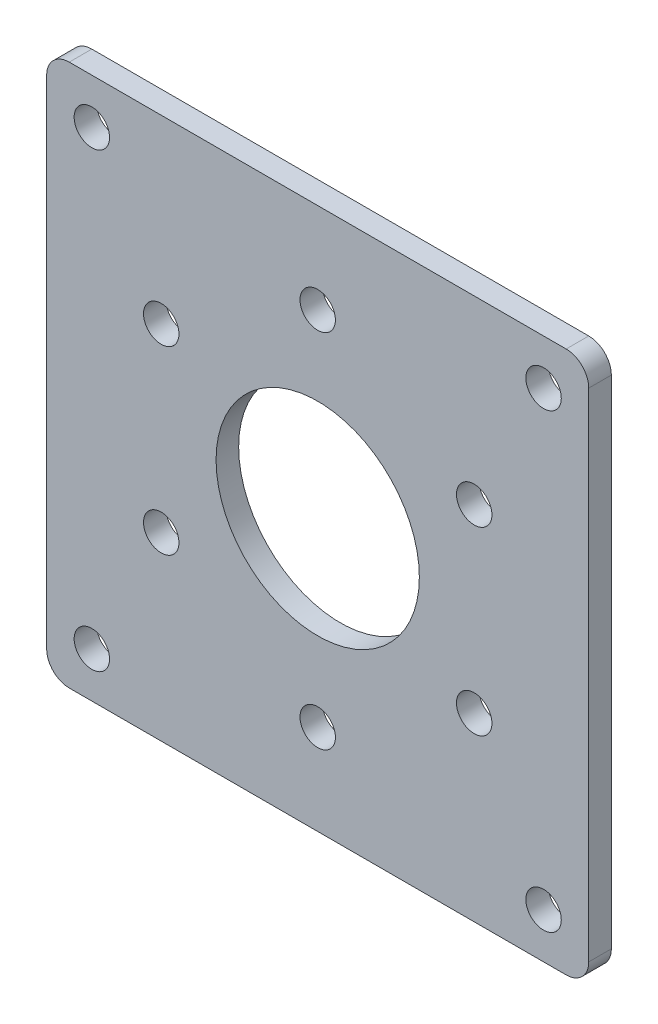
from build123d import *

# Parameters (mm, degrees)
SKETCH1_W           = 76.2
SKETCH1_H           = 76.2
SKETCH1_R           = 2.4892
SKETCH1_R_2         = 14.2875
BOSS_EXTRUDE1_DEPTH = 3.175
FILLET1_R           = 3.175


with BuildPart() as part:
    # Sketch1 → Boss-Extrude1 (new body)
    with BuildSketch(Plane.XY):
        Rectangle(SKETCH1_W, SKETCH1_H)
        with Locations((-31.75, -31.75)):
            Circle(SKETCH1_R, mode=Mode.SUBTRACT)
        with Locations((31.75, -31.75)):
            Circle(SKETCH1_R, mode=Mode.SUBTRACT)
        with Locations((-31.75, 31.75)):
            Circle(SKETCH1_R, mode=Mode.SUBTRACT)
        with Locations((31.75, 31.75)):
            Circle(SKETCH1_R, mode=Mode.SUBTRACT)
        with Locations((0, 25.4)):
            Circle(SKETCH1_R, mode=Mode.SUBTRACT)
        with Locations((-21.997045256, -12.7)):
            Circle(SKETCH1_R, mode=Mode.SUBTRACT)
        with Locations((0, -25.4)):
            Circle(SKETCH1_R, mode=Mode.SUBTRACT)
        Circle(SKETCH1_R_2, mode=Mode.SUBTRACT)
        with Locations((21.997045256, -12.7)):
            Circle(SKETCH1_R, mode=Mode.SUBTRACT)
        with Locations((-21.997045256, 12.7)):
            Circle(SKETCH1_R, mode=Mode.SUBTRACT)
        with Locations((21.997045256, 12.7)):
            Circle(SKETCH1_R, mode=Mode.SUBTRACT)
    extrude(amount=BOSS_EXTRUDE1_DEPTH)

    # Fillet1
    fillet1_edges = [part.edges().sort_by_distance(p)[0] for p in [
        (-38.1, -38.1, 1.5875),
        (38.1, 38.1, 1.5875),
        (38.1, -38.1, 1.5875),
        (-38.1, 38.1, 1.5875),
    ]]
    fillet(fillet1_edges, radius=FILLET1_R)


solid = part.part

*WHAT IS NEEDED:* Transcribe the line that contains "Circle(SKETCH1_R_2, mode=Mode.SUBTRACT)" exactly, then each line after it through the end of the material. Nothing else belongs in the output.

*ANSWER SPACE:*
        Circle(SKETCH1_R_2, mode=Mode.SUBTRACT)
        with Locations((21.997045256, -12.7)):
            Circle(SKETCH1_R, mode=Mode.SUBTRACT)
        with Locations((-21.997045256, 12.7)):
            Circle(SKETCH1_R, mode=Mode.SUBTRACT)
        with Locations((21.997045256, 12.7)):
            Circle(SKETCH1_R, mode=Mode.SUBTRACT)
    extrude(amount=BOSS_EXTRUDE1_DEPTH)

    # Fillet1
    fillet1_edges = [part.edges().sort_by_distance(p)[0] for p in [
        (-38.1, -38.1, 1.5875),
        (38.1, 38.1, 1.5875),
        (38.1, -38.1, 1.5875),
        (-38.1, 38.1, 1.5875),
    ]]
    fillet(fillet1_edges, radius=FILLET1_R)


solid = part.part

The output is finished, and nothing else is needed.